Gabby pulled back and blinked at a kid in a Colson Cavaliers hoodie who she vaguely recognized as one of Ryan’s hockey buddies, though she wasn’t entirely sure which one. Honestly they all kind of looked like Thor to her. “I—um.” She could feel herself blushing; she tucked her messy hair behind her ears. “Yeah?”

“Sorry,” the kid repeated, holding his hands up in mock-surrender and grinning a twisty, unpleasant grin. “Didn’t realize you were busy.”

Shay huffed a quiet sound out, irritated; Gabby rolled her eyes. “Did you need something?” she asked. She had no idea how this kid even knew who she was.

“I mean, I don’t,” he said, still looking at them in a way Gabby didn’t appreciate. “But your boyfriend’s puking all over himself in the backyard.”

Shay pulled back like someone had slapped her. “You have a—”

“No,” Gabby said immediately. “Honestly, I don’t.” Still, she thought guiltily, it wasn’t like she didn’t know who this guy was talking about. “You mean Ryan?”

Hockey Bro nodded. “He told me to come get you, yeah.”

“Because he’s drunk?” Ugh, Gabby was going to murder him. She turned to Shay. “We’re friends, is all. Seriously. I came here with him.”

“He’s pretty fucked up,” Hockey Bro put in helpfully. Gabby grimaced.

Shay looked unconvinced, but she nodded. “Okay,” she said, wiping her hands on those immaculate white jeans. “You should probably go check on him, then.”

“Okay. I’ll be right back, though.” Gabby blew out a sigh and got to her feet, a little unsteady even though she’d only had two sips of beer. Her lips felt swollen and itchy from kissing; her limbs were heavy and sluggish and warm. “Where is he?”

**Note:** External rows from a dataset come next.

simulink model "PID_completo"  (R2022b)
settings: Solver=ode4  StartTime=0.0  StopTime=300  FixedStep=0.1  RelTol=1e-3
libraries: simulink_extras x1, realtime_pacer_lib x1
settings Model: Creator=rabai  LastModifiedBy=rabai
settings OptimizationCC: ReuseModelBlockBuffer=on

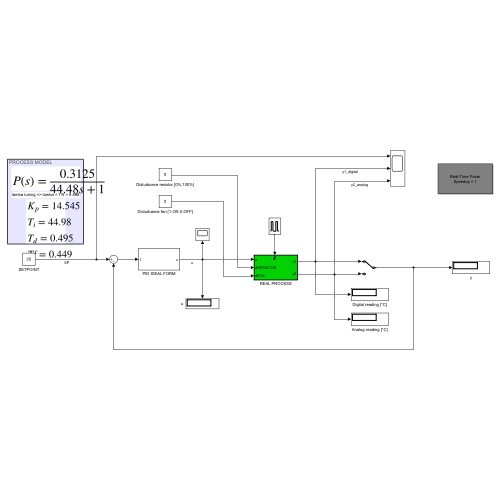
[thumbnail: Simulink's stored preview of the top-level diagram]
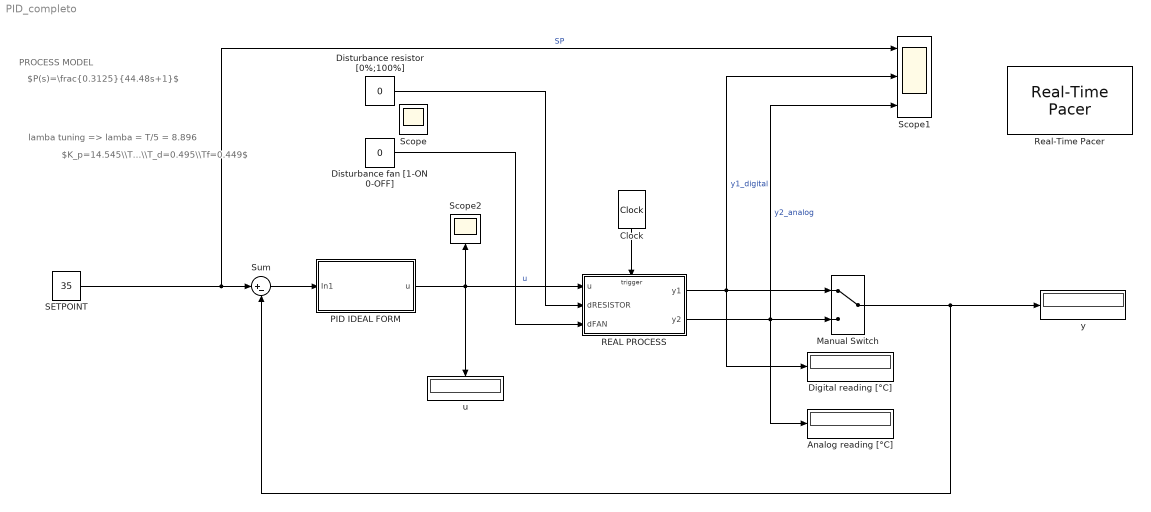
== system PID_completo ==
  note: $K_p=14.545\\T_i=44.98\\T_d=0.495\\Tf=0.449$
  note: PROCESS MODEL
  note: $P(s)=\frac{0.3125}{44.48s+1}$
  note: lamba tuning => lamba = T/5 = 8.896
  Analog reading [°C] : Display
  Clock : simulink_extras/Flip Flops/Clock  period=0.8
  Digital reading [°C] : Display
  Disturbance fan [1-ON 0-OFF] : Constant  Value=0
  Disturbance resistor [0%;100%] : Constant  Value=0
  Manual Switch : ManualSwitch
  PID IDEAL FORM : Subsystem  mask{Kp=14.59, Ti=44.98, Td=0.5, Tf=0.45}
  REAL PROCESS : Subsystem
  Real-Time Pacer : realtime_pacer_lib/Real-Time Pacer  simTimePerRealTime=1
      settings: SourceProductName=Real-Time Pacer
  SETPOINT : Constant  Value=35
  Scope1 : Scope  NumInputPorts=3
  Scope2 : Scope
  Sum : Sum  Inputs=|+-
  u : Display
  y : Display
  Scope : Scope
  wires:
  Clock/1 -> REAL PROCESS/Trigger
  Manual Switch/1 -> y/1, Sum/2
  Sum/1 -> PID IDEAL FORM/1(In1)
  PID IDEAL FORM/1(u) -> Scope2/1, REAL PROCESS/1(u), u/1  "u"
  SETPOINT/1 -> Sum/1, Scope1/1  "SP"
  Disturbance fan [1-ON 0-OFF]/1 -> REAL PROCESS/3(dFAN)
  Disturbance resistor [0%;100%]/1 -> REAL PROCESS/2(dRESISTOR)
  REAL PROCESS/1(y1) -> Digital reading [°C]/1, Scope1/2, Manual Switch/1  "y1_digital"
  REAL PROCESS/2(y2) -> Analog reading [°C]/1, Scope1/3, Manual Switch/2  "y2_analog"

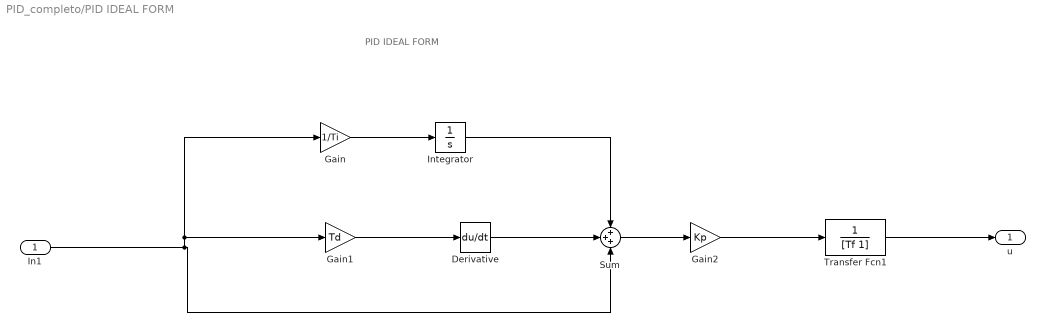
== system PID_completo/PID IDEAL FORM ==
  note: PID IDEAL FORM
  In1 : Inport
  Derivative : Derivative
  Gain : Gain  Gain=1/Ti
  Gain1 : Gain  Gain=Td
  Gain2 : Gain  Gain=Kp
  Integrator : Integrator
  Sum : Sum  Inputs=3
  Transfer Fcn1 : TransferFcn  Denominator=[Tf 1]
  u : Outport  VectorParamsAs1DForOutWhenUnconnected=off
  wires:
  Gain/1 -> Integrator/1
  Derivative/1 -> Sum/2
  Gain1/1 -> Derivative/1
  In1/1 -> Gain/1, Gain1/1, Sum/3
  Sum/1 -> Gain2/1
  Gain2/1 -> Transfer Fcn1/1
  Transfer Fcn1/1 -> u/1
  Integrator/1 -> Sum/1

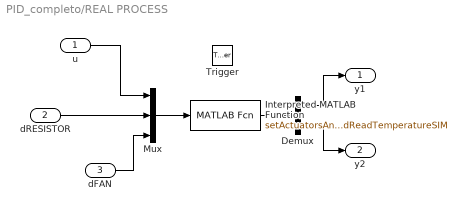
== system PID_completo/REAL PROCESS ==
  u : Inport
  dRESISTOR : Inport  Port=2
  dFAN : Inport  Port=3
  Trigger : TriggerPort  VariantControl=(inherit)  PortDimensions=1
  Demux : Demux  Outputs=2
  Interpreted MATLAB Function : MATLABFcn  MATLABFcn=setActuatorsAndReadTemperatureSIM  OutputDimensions=2
  Mux : Mux  Inputs=3
  y1 : Outport
  y2 : Outport  Port=2
  wires:
  Interpreted MATLAB Function/1 -> Demux/1
  Demux/1 -> y1/1
  Demux/2 -> y2/1
  u/1 -> Mux/1
  dRESISTOR/1 -> Mux/2
  dFAN/1 -> Mux/3
  Mux/1 -> Interpreted MATLAB Function/1

She found Ryan at the far side of the backyard, slumped against a boxwood hedge that was swallowing him in its branches. “This is not the way to prove to me I’m not your sidekick, dude,” she said, peering down at him in irritation. She smelled, and then saw, the puddle of barf a few feet away. “Ryan,” she said. God, was this what he was like at every party he ever went to, and she just never knew because she wasn’t usually there? “Seriously? Again?”

Ryan didn’t answer for a moment, his eyes mostly closed. Sprawled on the grass like this he looked even bigger and taller than normal, like some kind of fallen giant from a fairy tale. He blinked at her, not quite focusing. Trying again. “It’s you,” he said.

“Yeah,” she said. “It’s me.” She looked at him more closely, squatting down so they were eye level. Gabby frowned. She’d seen Ryan drunk before. This . . . did not seem like that. His gaze was still oddly unseeing; his face was weirdly, waxily pale.

“Ryan,” she said again. “Hey, dude, listen to me, how much did you drink?”

“I didn’t,” he mumbled.

“Ryan, this is not the time to be a dick—”

“I didn’t,” he insisted, and this time he sounded irritated. “Or I did, okay, but only one beer.” He listed to the side a little bit. “Got hit.”

“You got hit?” Gabby’s heart skipped like one of her mom’s scratched old CDs. “When?”

“At the game,” he said vaguely, and closed his eyes again.

“Oh, shit, yeah, he did,” put in Hockey Bro, who Gabby realized abruptly was still standing behind her. “I hadn’t even thought of that. He got his fucking clock cleaned this afternoon, it’s true.”

“And nobody thought that maybe he should go to the doctor?” Gabby screeched. “Ryan,” she said, grabbing his arm and shaking; Ryan made a quiet groaning sound, but didn’t open his eyes. “Ryan.” Shit, she was scared now. She wanted her parents. She wanted literally any adult.